■ ACTION ITEM ■
For the data below, work out how many lines include the string "StopBits" and report only the number.

*** Opening of THE INPUT ***

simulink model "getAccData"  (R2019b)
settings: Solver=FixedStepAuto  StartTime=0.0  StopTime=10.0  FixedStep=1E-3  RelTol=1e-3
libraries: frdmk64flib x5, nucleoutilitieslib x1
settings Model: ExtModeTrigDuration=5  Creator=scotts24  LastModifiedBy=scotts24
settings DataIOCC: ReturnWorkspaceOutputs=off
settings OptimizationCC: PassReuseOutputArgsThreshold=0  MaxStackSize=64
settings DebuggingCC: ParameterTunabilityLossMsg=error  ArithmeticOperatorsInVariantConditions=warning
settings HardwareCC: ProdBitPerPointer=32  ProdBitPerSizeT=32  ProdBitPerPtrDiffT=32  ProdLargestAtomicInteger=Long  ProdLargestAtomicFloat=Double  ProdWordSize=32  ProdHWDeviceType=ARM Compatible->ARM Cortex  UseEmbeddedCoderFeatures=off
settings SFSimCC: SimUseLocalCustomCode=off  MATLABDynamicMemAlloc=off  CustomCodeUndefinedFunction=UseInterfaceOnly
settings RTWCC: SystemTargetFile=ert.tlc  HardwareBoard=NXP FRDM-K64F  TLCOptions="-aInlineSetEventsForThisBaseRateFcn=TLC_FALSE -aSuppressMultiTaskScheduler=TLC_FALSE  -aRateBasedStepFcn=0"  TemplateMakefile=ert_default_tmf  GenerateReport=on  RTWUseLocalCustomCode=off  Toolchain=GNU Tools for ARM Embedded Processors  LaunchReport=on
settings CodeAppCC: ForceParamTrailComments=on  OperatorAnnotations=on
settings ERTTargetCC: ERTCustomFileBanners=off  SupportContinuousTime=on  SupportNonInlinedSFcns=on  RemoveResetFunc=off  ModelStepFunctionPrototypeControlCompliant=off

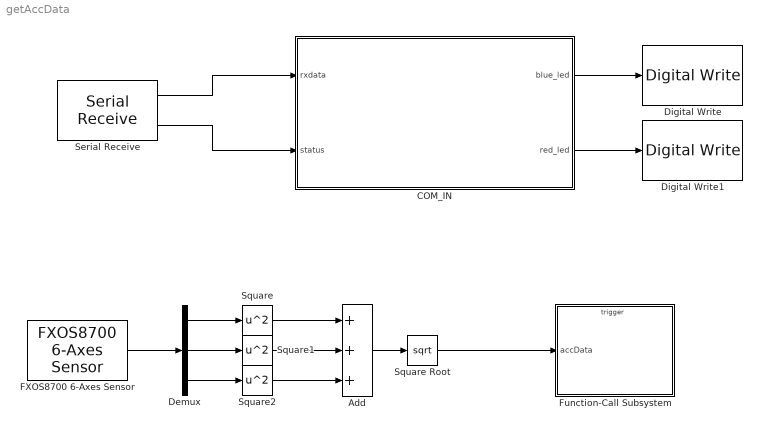
== system getAccData ==
  Add : Sum  Inputs=3  AccumDataTypeStr=double
  COM_IN : Stateflow chart  BlockKeywords=__PRM__SERIALIZED__DATA__:Stateflow Chart,Stateflow Diagram  TreatAsAtomicUnit=on
  Demux : Demux  Outputs=3
  Digital Write : frdmk64flib/Digital Write  Whichpin=BLUE_LED
      settings: SourceProductName=Simulink Coder Support Package for NXP FRDM-K64F Board
  Digital Write1 : frdmk64flib/Digital Write  Whichpin=RED_LED
      settings: SourceProductName=Simulink Coder Support Package for NXP FRDM-K64F Board
  FXOS8700 6-Axes Sensor : frdmk64flib/FXOS8700 6-Axes Sensor  Activesensor=Accelerometer only  ODR=800Hz  HybridODR=400Hz  Accelfullrange=-4g to +4g  SampleTime=-1
      settings: SourceProductName=Simulink Coder Support Package for NXP FRDM-K64F Board
  Function-Call Subsystem : Subsystem  TreatAsAtomicUnit=on
  Serial Receive : frdmk64flib/Serial Receive  SCIModule=0  Baudrate=uint32(9600)  Parity=None  StopBits=1  HardwareFlowControl=None  ByteOrder=LittleEndian  DataType=uint8  DataLength=2  BlockingMode=off  OutputStatus=on  SampleTime=-1
      settings: SourceProductName=Simulink Coder Support Package for NXP FRDM-K64F Board
  Square : Math  Operator=square  SignedPower=off  OutDataTypeStr=double  SaturateOnIntegerOverflow=on
  Square Root : Sqrt  OutDataTypeStr=double  SaturateOnIntegerOverflow=on
  Square1 : Math  Operator=square  SignedPower=off  OutDataTypeStr=double  SaturateOnIntegerOverflow=on
  Square2 : Math  Operator=square  SignedPower=off  OutDataTypeStr=double  SaturateOnIntegerOverflow=on
  wires:
  Serial Receive/1 -> COM_IN/1(rxdata)
  Serial Receive/2 -> COM_IN/2(status)
  FXOS8700 6-Axes Sensor/1 -> Demux/1
  Demux/1 -> Square/1
  Demux/2 -> Square1/1
  Demux/3 -> Square2/1
  Square/1 -> Add/1
  Square1/1 -> Add/2
  Square2/1 -> Add/3
  Add/1 -> Square Root/1
  Square Root/1 -> Function-Call Subsystem/1(accData)
  COM_IN/1(blue_led) -> Digital Write/1
  COM_IN/2(red_led) -> Digital Write1/1

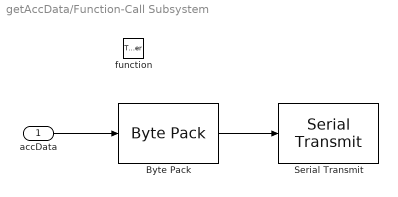
== system getAccData/Function-Call Subsystem ==
  accData : Inport
  function : TriggerPort  TriggerType=function-call  IsSimulinkFunction=on  FunctionName=transmitData  VariantControl=Variant
  Byte Pack : nucleoutilitieslib/Byte Pack  datatypes={'double'}  byteAlign=1  blockPlatform=nucleo
      settings: SourceProductName=Embedded Coder Support Package for ARM Cortex-A Processors  SourceProductBaseCode=ECCORTEXA
  Serial Transmit : frdmk64flib/Serial Transmit  SCIModule=0  Baudrate=uint32(9600)  Parity=None  StopBits=1  HardwareFlowControl=None  ByteOrder=LittleEndian  BlockingMode=on  OutputStatus=off
      settings: SourceProductName=Simulink Coder Support Package for NXP FRDM-K64F Board
  wires:
  accData/1 -> Byte Pack/1
  Byte Pack/1 -> Serial Transmit/1

== stateflow chart getAccData/COM_IN ==
  state TRANSMIT
    entry:
    blue_led = false;
    red_led = true;
    transmitData();
  state INIT
    sampleTime = 100;
    blue_led = true;
    red_led = false;
  TRANSMIT -> TRANSMIT [order 2] : [after(sampleTime,msec)]
  (default) -> INIT
  INIT -> TRANSMIT : [status == 0 && rxdata(1) == hex2dec('16') && rxdata(2) == hex2dec('40')]
  TRANSMIT -> INIT [order 1] : [status == 0 && rxdata(1) == hex2dec('16') && rxdata(2) == hex2dec('45')]
  data: rxdata input uint8; status input uint8; sampleTime local uint16; blue_led output boolean; red_led output boolean

*** Close of THE INPUT ***

■ TASK RESULT ■
2